● Your task
Print the data that follows word for word, leaving out any picture.

● Records supplied
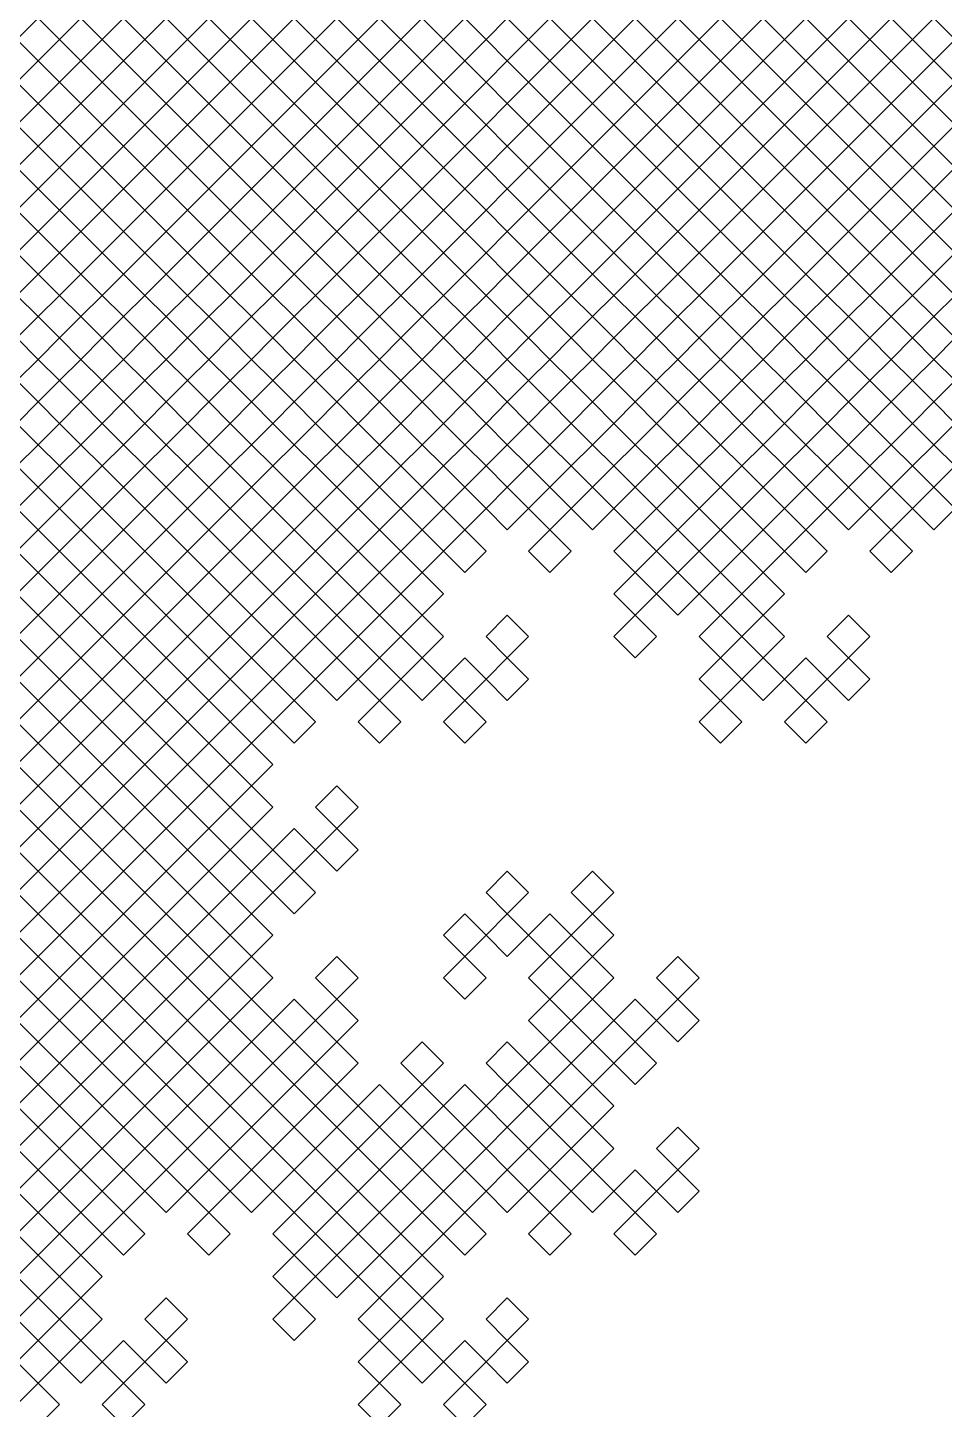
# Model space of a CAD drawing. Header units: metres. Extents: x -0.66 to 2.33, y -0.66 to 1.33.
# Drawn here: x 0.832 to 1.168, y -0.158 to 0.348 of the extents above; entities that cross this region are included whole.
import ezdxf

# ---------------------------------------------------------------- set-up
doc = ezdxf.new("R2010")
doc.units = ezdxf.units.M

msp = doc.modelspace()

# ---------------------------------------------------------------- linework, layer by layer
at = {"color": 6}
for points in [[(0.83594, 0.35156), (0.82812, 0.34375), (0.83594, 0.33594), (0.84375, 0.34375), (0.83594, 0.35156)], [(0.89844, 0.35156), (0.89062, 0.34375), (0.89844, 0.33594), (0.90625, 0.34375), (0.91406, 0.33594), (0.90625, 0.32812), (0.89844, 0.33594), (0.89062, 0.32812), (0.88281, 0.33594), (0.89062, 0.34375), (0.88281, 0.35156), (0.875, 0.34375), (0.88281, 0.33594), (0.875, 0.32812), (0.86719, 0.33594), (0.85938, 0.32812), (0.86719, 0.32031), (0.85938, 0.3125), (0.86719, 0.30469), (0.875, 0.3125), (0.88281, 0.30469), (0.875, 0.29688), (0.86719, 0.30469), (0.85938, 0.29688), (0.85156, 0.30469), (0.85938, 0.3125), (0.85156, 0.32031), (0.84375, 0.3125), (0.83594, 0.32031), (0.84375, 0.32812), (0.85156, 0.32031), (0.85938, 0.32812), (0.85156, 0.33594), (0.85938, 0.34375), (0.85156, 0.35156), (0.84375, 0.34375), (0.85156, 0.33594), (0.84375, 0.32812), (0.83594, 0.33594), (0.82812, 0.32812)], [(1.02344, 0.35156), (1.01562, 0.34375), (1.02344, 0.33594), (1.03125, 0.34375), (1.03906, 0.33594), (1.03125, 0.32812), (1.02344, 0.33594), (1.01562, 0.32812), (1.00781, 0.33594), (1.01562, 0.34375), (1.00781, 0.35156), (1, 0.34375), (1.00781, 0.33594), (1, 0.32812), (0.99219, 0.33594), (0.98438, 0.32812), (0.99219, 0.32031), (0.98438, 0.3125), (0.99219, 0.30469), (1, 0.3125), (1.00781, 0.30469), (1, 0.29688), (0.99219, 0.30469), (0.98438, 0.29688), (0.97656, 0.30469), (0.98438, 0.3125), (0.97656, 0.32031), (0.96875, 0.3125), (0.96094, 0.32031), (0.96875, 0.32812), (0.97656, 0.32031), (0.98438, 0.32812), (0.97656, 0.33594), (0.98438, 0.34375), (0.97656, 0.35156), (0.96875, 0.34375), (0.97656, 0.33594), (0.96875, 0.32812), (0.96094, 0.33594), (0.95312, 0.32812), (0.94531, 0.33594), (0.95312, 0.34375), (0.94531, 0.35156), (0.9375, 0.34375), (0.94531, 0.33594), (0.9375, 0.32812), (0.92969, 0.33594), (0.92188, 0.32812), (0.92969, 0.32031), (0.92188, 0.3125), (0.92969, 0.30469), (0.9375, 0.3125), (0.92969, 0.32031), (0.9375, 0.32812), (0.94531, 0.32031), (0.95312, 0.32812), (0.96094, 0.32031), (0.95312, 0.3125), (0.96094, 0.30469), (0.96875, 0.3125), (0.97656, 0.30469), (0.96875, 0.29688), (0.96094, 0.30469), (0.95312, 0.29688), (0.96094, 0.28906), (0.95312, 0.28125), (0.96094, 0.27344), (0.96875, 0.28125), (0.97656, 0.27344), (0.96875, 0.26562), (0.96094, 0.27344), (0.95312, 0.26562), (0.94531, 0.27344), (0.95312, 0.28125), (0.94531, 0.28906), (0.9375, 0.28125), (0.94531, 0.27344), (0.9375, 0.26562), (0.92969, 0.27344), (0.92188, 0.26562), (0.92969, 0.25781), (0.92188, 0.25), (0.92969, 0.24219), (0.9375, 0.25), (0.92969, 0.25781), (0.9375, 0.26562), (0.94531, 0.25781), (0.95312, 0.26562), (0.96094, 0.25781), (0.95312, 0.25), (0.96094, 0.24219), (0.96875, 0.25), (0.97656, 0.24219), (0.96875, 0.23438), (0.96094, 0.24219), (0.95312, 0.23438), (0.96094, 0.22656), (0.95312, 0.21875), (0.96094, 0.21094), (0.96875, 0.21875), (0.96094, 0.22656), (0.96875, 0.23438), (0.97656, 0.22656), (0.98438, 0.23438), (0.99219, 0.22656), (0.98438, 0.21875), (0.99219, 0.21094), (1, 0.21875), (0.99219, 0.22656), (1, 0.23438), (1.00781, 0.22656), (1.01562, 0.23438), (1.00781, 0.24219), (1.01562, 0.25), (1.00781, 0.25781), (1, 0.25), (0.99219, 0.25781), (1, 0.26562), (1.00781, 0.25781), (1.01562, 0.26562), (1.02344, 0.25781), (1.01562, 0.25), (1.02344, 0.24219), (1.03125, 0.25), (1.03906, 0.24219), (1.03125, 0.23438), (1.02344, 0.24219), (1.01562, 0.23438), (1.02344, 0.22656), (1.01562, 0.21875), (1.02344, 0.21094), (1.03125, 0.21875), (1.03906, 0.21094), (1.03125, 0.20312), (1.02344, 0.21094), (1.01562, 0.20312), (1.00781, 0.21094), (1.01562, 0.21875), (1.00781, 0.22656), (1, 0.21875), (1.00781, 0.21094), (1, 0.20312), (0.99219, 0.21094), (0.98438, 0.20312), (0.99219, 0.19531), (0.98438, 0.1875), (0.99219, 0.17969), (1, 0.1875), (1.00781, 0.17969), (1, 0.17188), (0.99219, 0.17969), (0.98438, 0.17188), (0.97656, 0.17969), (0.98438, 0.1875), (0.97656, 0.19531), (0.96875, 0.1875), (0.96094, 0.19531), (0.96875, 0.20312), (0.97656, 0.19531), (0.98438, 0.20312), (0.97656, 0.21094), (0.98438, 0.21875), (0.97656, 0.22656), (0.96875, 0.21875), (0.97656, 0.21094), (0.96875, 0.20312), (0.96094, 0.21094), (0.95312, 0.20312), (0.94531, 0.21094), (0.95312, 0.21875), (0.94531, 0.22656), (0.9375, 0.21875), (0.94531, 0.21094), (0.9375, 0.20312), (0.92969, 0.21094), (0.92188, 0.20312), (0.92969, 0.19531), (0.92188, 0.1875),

● Answer to this task
# Model space of a CAD drawing. Header units: metres. Extents: x -0.66 to 2.33, y -0.66 to 1.33.
# Drawn here: x 0.832 to 1.168, y -0.158 to 0.348 of the extents above; entities that cross this region are included whole.
import ezdxf

# ---------------------------------------------------------------- set-up
doc = ezdxf.new("R2010")
doc.units = ezdxf.units.M

msp = doc.modelspace()

# ---------------------------------------------------------------- linework, layer by layer
at = {"color": 6}
for points in [[(0.83594, 0.35156), (0.82812, 0.34375), (0.83594, 0.33594), (0.84375, 0.34375), (0.83594, 0.35156)], [(0.89844, 0.35156), (0.89062, 0.34375), (0.89844, 0.33594), (0.90625, 0.34375), (0.91406, 0.33594), (0.90625, 0.32812), (0.89844, 0.33594), (0.89062, 0.32812), (0.88281, 0.33594), (0.89062, 0.34375), (0.88281, 0.35156), (0.875, 0.34375), (0.88281, 0.33594), (0.875, 0.32812), (0.86719, 0.33594), (0.85938, 0.32812), (0.86719, 0.32031), (0.85938, 0.3125), (0.86719, 0.30469), (0.875, 0.3125), (0.88281, 0.30469), (0.875, 0.29688), (0.86719, 0.30469), (0.85938, 0.29688), (0.85156, 0.30469), (0.85938, 0.3125), (0.85156, 0.32031), (0.84375, 0.3125), (0.83594, 0.32031), (0.84375, 0.32812), (0.85156, 0.32031), (0.85938, 0.32812), (0.85156, 0.33594), (0.85938, 0.34375), (0.85156, 0.35156), (0.84375, 0.34375), (0.85156, 0.33594), (0.84375, 0.32812), (0.83594, 0.33594), (0.82812, 0.32812)], [(1.02344, 0.35156), (1.01562, 0.34375), (1.02344, 0.33594), (1.03125, 0.34375), (1.03906, 0.33594), (1.03125, 0.32812), (1.02344, 0.33594), (1.01562, 0.32812), (1.00781, 0.33594), (1.01562, 0.34375), (1.00781, 0.35156), (1, 0.34375), (1.00781, 0.33594), (1, 0.32812), (0.99219, 0.33594), (0.98438, 0.32812), (0.99219, 0.32031), (0.98438, 0.3125), (0.99219, 0.30469), (1, 0.3125), (1.00781, 0.30469), (1, 0.29688), (0.99219, 0.30469), (0.98438, 0.29688), (0.97656, 0.30469), (0.98438, 0.3125), (0.97656, 0.32031), (0.96875, 0.3125), (0.96094, 0.32031), (0.96875, 0.32812), (0.97656, 0.32031), (0.98438, 0.32812), (0.97656, 0.33594), (0.98438, 0.34375), (0.97656, 0.35156), (0.96875, 0.34375), (0.97656, 0.33594), (0.96875, 0.32812), (0.96094, 0.33594), (0.95312, 0.32812), (0.94531, 0.33594), (0.95312, 0.34375), (0.94531, 0.35156), (0.9375, 0.34375), (0.94531, 0.33594), (0.9375, 0.32812), (0.92969, 0.33594), (0.92188, 0.32812), (0.92969, 0.32031), (0.92188, 0.3125), (0.92969, 0.30469), (0.9375, 0.3125), (0.92969, 0.32031), (0.9375, 0.32812), (0.94531, 0.32031), (0.95312, 0.32812), (0.96094, 0.32031), (0.95312, 0.3125), (0.96094, 0.30469), (0.96875, 0.3125), (0.97656, 0.30469), (0.96875, 0.29688), (0.96094, 0.30469), (0.95312, 0.29688), (0.96094, 0.28906), (0.95312, 0.28125), (0.96094, 0.27344), (0.96875, 0.28125), (0.97656, 0.27344), (0.96875, 0.26562), (0.96094, 0.27344), (0.95312, 0.26562), (0.94531, 0.27344), (0.95312, 0.28125), (0.94531, 0.28906), (0.9375, 0.28125), (0.94531, 0.27344), (0.9375, 0.26562), (0.92969, 0.27344), (0.92188, 0.26562), (0.92969, 0.25781), (0.92188, 0.25), (0.92969, 0.24219), (0.9375, 0.25), (0.92969, 0.25781), (0.9375, 0.26562), (0.94531, 0.25781), (0.95312, 0.26562), (0.96094, 0.25781), (0.95312, 0.25), (0.96094, 0.24219), (0.96875, 0.25), (0.97656, 0.24219), (0.96875, 0.23438), (0.96094, 0.24219), (0.95312, 0.23438), (0.96094, 0.22656), (0.95312, 0.21875), (0.96094, 0.21094), (0.96875, 0.21875), (0.96094, 0.22656), (0.96875, 0.23438), (0.97656, 0.22656), (0.98438, 0.23438), (0.99219, 0.22656), (0.98438, 0.21875), (0.99219, 0.21094), (1, 0.21875), (0.99219, 0.22656), (1, 0.23438), (1.00781, 0.22656), (1.01562, 0.23438), (1.00781, 0.24219), (1.01562, 0.25), (1.00781, 0.25781), (1, 0.25), (0.99219, 0.25781), (1, 0.26562), (1.00781, 0.25781), (1.01562, 0.26562), (1.02344, 0.25781), (1.01562, 0.25), (1.02344, 0.24219), (1.03125, 0.25), (1.03906, 0.24219), (1.03125, 0.23438), (1.02344, 0.24219), (1.01562, 0.23438), (1.02344, 0.22656), (1.01562, 0.21875), (1.02344, 0.21094), (1.03125, 0.21875), (1.03906, 0.21094), (1.03125, 0.20312), (1.02344, 0.21094), (1.01562, 0.20312), (1.00781, 0.21094), (1.01562, 0.21875), (1.00781, 0.22656), (1, 0.21875), (1.00781, 0.21094), (1, 0.20312), (0.99219, 0.21094), (0.98438, 0.20312), (0.99219, 0.19531), (0.98438, 0.1875), (0.99219, 0.17969), (1, 0.1875), (1.00781, 0.17969), (1, 0.17188), (0.99219, 0.17969), (0.98438, 0.17188), (0.97656, 0.17969), (0.98438, 0.1875), (0.97656, 0.19531), (0.96875, 0.1875), (0.96094, 0.19531), (0.96875, 0.20312), (0.97656, 0.19531), (0.98438, 0.20312), (0.97656, 0.21094), (0.98438, 0.21875), (0.97656, 0.22656), (0.96875, 0.21875), (0.97656, 0.21094), (0.96875, 0.20312), (0.96094, 0.21094), (0.95312, 0.20312), (0.94531, 0.21094), (0.95312, 0.21875), (0.94531, 0.22656), (0.9375, 0.21875), (0.94531, 0.21094), (0.9375, 0.20312), (0.92969, 0.21094), (0.92188, 0.20312), (0.92969, 0.19531), (0.92188, 0.1875),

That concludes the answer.